We chose a long, steep hill at the Bristol Mountain ski resort in New York. We loaded the backpacks we were going to use on Kili with the weight of two heavy one-gallon water jugs, went to the location, scaled it, and did repeats—up and down, up and down for an hour once a week, half a year. In the early fall it was pretty and pleasantly cool. In the late fall, it was quite manageable as long as it wasn’t snowing. The closer it got to December, the closer it was to snowmaking by Mother Nature and the snow machines. In February with full snow conditions we found a road next to Bristol and repeated the same routine, getting used to wearing heavier clothes as well as breaking in our hiking boots. It was a profitable effort, testing our gear as well as our bodies. But we knew that once we got to the real thing, conditions would be far, far harder. We crossed our fingers and hoped for the best.
It was go time! Bill Hearne and Craig Litt, compadres from my running group, were ready. To commence this amazing journey, we boarded the plane and left snowy Rochester on February 14th, 2006 (Valentine’s Day—again, I had Donna’s unwavering support). We were leaving the USA in the dead of winter, yet going to Tanzania during their dog days of summer. (Our February is their August.) Our flight from Rochester to JFK was to leave at 11:15 a.m. We would land in Amsterdam in Europe at 12:30 a.m. EST (that’s 7:30 a.m. European time, being they are seven hours ahead). Then we would hang out for half a day. Instead of going to the red light district there, we went on a tour of the Anne Frank house.
Then we had another flight, eight hours to Moshi, Africa. Touchdown in the world’s largest continent! We had a nice finish to our flight, arriving just after 9 p.m. in their time zone on the fifteenth, right on schedule, looking at a nearly full moon. I said to myself, I wonder what it will be like under this moon on the mountain tomorrow night. . .)
It felt hot as we disembarked and headed into customs, maybe mid-eighty degrees and quite windy. There we picked up our bus drive to the hotel, taking an unpaved, very bumpy road. My ankles and feet were swollen from sitting so long—not good. This concerned me because of my cardiac issues.
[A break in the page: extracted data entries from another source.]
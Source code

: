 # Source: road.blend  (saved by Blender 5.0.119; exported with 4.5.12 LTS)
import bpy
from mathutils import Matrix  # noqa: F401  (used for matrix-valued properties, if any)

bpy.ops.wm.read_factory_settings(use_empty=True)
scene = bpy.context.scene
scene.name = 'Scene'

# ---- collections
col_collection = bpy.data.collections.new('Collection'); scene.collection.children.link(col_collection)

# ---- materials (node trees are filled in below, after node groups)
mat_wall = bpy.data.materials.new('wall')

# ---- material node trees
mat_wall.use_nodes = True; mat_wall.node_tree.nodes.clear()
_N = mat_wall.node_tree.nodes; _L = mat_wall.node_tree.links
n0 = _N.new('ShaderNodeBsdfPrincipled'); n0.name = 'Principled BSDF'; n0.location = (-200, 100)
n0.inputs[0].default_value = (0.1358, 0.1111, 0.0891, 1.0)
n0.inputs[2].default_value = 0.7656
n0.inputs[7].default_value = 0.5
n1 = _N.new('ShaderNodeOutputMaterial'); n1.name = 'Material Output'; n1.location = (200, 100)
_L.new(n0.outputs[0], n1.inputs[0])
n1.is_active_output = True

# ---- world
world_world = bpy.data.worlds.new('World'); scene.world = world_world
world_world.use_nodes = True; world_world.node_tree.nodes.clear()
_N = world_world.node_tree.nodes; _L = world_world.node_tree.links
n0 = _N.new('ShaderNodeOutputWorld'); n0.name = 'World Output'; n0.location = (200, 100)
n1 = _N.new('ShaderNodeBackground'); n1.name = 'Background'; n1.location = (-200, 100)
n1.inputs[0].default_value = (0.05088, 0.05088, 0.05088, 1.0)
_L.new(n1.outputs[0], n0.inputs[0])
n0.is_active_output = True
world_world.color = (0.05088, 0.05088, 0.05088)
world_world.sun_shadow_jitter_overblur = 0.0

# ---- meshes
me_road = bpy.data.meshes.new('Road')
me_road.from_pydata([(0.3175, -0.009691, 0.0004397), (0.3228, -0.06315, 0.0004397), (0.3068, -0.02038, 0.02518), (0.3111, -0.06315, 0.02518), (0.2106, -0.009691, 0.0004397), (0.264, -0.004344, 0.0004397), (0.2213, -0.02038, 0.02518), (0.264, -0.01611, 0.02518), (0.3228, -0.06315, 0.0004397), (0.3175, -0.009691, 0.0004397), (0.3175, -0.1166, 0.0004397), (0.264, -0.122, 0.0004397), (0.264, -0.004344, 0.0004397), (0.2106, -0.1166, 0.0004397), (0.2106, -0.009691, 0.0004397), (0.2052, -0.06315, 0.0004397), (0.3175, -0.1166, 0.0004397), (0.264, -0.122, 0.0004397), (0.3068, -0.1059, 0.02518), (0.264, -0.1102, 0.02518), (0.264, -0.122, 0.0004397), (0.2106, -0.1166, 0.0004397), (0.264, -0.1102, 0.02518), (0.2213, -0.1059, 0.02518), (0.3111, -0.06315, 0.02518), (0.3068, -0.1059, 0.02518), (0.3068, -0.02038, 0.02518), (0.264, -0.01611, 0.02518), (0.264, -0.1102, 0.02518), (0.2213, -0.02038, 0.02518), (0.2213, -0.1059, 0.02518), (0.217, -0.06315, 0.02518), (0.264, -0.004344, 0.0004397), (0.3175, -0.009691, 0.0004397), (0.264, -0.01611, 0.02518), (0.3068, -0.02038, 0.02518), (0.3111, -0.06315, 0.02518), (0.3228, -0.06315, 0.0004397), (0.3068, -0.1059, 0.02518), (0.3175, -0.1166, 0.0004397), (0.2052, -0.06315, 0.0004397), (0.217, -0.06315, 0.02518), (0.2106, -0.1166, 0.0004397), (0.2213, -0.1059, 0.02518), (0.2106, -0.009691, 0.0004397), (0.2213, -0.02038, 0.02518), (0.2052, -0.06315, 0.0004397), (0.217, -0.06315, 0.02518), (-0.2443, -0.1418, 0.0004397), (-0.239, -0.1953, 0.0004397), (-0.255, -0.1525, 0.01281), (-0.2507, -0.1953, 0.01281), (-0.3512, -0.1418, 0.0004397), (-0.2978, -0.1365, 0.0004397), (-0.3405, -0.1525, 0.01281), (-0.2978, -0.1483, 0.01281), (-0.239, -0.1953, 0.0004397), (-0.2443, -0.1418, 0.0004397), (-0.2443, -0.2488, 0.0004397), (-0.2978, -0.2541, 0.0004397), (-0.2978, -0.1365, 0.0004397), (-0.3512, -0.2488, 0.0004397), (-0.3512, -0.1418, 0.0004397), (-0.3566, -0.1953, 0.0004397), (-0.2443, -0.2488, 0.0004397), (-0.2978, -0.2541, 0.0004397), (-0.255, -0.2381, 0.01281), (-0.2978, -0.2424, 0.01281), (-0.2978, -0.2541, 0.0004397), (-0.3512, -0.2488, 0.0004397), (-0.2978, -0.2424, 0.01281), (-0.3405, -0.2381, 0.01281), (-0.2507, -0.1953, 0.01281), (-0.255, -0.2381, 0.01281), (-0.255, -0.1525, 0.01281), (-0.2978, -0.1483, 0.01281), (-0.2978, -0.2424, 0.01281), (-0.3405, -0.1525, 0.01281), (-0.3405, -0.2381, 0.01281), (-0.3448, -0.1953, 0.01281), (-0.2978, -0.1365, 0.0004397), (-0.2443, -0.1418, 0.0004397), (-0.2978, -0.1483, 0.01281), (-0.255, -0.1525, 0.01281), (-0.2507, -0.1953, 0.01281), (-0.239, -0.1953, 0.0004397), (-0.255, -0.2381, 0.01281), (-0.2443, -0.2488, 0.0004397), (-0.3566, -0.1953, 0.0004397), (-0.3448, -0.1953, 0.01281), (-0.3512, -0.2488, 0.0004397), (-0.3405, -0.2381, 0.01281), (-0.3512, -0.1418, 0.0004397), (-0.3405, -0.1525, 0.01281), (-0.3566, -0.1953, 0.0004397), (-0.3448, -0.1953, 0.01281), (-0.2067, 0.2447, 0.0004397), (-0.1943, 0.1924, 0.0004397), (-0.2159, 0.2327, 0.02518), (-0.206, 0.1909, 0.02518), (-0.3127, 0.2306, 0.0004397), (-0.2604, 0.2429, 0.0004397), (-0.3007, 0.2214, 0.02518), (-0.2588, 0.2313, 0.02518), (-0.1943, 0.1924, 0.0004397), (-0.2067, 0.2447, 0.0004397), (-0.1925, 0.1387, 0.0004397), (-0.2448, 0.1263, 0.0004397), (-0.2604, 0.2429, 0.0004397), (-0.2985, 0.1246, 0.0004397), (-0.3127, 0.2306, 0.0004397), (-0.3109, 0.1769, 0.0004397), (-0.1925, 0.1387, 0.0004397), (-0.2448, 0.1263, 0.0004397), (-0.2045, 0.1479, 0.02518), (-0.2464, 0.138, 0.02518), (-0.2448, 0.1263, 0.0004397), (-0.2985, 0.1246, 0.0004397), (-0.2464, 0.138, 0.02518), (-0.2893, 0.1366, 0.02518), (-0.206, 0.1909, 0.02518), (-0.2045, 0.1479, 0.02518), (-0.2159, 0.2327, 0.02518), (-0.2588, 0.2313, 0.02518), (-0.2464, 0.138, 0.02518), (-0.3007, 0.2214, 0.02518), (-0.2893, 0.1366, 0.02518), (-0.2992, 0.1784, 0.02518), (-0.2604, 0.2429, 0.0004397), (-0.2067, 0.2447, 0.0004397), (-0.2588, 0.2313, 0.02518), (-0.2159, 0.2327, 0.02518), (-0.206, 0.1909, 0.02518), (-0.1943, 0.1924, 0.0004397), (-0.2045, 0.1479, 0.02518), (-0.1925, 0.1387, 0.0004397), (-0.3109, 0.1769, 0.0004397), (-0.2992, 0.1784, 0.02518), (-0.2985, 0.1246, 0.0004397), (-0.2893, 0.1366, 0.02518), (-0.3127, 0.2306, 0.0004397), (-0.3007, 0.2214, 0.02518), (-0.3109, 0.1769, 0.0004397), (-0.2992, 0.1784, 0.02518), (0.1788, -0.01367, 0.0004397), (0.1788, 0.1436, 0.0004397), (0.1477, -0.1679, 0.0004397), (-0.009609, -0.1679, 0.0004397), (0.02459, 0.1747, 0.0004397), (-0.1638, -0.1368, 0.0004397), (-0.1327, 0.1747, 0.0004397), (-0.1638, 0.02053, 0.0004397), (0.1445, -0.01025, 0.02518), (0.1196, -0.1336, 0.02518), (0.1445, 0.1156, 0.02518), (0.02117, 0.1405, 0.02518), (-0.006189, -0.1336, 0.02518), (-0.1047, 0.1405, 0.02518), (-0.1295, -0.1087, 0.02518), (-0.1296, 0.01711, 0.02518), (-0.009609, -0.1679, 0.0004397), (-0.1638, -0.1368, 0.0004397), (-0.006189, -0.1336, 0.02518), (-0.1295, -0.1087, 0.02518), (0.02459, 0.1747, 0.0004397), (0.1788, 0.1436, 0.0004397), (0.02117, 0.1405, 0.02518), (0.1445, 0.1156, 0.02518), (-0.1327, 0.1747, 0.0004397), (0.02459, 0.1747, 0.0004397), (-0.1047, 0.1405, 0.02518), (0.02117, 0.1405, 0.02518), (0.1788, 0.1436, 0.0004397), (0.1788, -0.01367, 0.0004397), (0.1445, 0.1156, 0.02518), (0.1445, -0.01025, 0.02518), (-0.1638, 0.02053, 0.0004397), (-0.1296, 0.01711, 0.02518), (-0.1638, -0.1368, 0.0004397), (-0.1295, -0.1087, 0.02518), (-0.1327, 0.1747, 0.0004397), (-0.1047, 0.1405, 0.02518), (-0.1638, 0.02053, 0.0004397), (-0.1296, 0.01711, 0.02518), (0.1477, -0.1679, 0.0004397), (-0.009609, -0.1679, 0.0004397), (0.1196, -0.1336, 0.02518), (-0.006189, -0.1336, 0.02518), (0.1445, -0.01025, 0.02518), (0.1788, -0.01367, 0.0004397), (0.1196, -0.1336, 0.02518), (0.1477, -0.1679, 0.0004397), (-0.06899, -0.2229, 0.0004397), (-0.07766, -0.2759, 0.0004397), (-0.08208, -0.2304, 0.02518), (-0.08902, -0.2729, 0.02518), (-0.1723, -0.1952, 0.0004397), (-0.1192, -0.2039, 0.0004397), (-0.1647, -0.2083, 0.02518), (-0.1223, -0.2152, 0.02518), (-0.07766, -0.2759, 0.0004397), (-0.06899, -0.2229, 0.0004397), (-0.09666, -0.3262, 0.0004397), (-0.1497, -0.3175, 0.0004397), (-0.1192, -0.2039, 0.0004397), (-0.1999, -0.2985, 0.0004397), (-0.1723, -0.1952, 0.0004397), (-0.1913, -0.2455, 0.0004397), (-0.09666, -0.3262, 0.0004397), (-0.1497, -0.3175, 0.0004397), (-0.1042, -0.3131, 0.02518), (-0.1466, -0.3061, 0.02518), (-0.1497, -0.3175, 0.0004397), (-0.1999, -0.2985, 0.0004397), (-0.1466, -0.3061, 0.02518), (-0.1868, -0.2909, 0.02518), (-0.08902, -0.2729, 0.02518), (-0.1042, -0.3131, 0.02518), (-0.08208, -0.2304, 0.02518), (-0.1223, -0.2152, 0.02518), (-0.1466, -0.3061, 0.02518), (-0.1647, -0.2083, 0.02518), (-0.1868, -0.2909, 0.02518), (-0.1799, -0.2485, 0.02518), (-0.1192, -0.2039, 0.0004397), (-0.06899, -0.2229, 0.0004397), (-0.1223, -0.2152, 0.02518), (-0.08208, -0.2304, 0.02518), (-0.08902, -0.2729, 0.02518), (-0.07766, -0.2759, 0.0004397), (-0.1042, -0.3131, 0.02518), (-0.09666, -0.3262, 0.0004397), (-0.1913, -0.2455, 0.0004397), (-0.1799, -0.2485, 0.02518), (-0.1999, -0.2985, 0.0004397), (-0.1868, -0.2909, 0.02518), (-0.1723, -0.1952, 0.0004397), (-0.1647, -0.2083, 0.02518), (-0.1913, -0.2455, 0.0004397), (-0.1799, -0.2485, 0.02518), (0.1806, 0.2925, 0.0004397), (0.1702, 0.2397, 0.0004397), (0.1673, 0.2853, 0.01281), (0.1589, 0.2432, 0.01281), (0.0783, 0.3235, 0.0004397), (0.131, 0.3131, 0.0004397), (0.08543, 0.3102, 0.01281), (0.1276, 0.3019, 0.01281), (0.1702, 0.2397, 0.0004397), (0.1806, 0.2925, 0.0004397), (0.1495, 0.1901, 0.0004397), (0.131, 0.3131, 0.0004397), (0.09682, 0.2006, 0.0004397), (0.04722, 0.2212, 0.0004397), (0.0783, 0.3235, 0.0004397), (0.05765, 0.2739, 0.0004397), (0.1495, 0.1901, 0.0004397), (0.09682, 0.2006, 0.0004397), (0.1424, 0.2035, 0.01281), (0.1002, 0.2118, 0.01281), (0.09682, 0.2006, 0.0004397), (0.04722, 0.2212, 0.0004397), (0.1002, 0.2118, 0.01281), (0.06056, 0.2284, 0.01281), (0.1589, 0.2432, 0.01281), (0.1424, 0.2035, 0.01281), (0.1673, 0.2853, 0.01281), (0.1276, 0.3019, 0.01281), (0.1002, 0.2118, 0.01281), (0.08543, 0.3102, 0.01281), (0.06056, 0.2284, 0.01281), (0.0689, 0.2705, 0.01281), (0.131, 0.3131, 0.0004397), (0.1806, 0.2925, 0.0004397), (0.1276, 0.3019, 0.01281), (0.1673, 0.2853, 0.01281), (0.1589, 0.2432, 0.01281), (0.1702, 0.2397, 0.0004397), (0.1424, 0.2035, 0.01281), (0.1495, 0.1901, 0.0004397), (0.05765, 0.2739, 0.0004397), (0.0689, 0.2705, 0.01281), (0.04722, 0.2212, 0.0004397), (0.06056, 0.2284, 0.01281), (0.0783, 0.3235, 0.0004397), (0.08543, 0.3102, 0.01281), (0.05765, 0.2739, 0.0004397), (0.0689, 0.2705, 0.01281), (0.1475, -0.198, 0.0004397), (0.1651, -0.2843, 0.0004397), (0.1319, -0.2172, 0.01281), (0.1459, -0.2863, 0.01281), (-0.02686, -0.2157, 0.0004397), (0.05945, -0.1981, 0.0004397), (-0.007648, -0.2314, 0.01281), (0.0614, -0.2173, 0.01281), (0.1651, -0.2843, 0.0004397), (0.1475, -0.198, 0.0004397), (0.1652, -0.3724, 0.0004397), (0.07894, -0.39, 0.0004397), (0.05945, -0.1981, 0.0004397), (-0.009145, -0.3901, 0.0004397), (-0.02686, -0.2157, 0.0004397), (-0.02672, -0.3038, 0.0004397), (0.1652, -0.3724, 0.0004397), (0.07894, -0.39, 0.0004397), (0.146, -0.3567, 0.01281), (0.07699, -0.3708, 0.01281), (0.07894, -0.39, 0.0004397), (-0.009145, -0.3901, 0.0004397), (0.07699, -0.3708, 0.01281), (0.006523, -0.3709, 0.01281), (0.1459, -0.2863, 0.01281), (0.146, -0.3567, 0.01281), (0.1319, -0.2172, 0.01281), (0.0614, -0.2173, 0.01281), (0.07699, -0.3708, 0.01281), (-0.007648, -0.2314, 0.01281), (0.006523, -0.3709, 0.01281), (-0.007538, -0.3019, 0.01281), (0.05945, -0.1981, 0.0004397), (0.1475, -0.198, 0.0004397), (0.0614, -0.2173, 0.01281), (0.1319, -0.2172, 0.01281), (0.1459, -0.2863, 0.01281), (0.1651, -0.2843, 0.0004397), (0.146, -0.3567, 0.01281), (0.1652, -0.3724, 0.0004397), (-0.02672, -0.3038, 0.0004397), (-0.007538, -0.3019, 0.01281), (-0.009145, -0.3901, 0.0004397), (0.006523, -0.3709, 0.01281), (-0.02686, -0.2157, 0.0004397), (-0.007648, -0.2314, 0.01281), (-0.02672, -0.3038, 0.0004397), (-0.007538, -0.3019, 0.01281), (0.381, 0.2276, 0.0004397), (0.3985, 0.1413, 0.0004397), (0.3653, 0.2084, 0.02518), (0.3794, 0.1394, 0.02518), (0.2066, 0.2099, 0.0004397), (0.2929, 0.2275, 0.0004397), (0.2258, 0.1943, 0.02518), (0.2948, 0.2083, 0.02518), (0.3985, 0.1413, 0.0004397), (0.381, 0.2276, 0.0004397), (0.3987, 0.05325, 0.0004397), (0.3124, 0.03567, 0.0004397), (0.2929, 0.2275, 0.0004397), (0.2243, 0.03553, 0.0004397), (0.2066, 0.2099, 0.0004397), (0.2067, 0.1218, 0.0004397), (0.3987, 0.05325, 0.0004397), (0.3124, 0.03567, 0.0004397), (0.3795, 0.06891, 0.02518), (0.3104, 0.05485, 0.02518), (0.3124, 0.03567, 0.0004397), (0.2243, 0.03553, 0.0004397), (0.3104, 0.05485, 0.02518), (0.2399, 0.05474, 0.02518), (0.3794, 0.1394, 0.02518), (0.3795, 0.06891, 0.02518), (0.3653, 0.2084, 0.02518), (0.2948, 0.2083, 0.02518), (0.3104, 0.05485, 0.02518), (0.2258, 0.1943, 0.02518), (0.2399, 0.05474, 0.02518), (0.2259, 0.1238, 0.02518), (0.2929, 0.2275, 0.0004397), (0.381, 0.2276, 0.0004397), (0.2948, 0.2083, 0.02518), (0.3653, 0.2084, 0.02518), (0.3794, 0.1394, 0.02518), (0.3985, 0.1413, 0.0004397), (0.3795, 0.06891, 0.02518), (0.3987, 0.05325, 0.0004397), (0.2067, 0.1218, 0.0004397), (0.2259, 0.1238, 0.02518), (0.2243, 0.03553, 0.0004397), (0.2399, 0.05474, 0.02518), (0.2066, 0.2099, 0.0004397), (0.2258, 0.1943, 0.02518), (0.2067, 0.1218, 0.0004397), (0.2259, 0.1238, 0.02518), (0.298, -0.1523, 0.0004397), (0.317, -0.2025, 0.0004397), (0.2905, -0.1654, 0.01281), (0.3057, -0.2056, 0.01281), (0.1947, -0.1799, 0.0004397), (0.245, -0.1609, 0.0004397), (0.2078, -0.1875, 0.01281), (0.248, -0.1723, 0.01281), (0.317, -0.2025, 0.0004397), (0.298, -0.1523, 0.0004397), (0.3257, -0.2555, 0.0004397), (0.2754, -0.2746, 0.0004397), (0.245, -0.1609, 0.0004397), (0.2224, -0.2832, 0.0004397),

We checked in and started the process of organizing our packs for the following day. This was a complicated job. Although I was exhausted and feeling jet-lagged, I scientifically packed and repacked stuff that we would take—stuff that we would need. We would carry our own packs but also prepare extra bags of our things for others to carry, professional porters. I had to get to sleep, though. Our beds at the hotel had these funky green mosquito nets over them. I had strange dreams that night. Do you think we were nervous? You bet.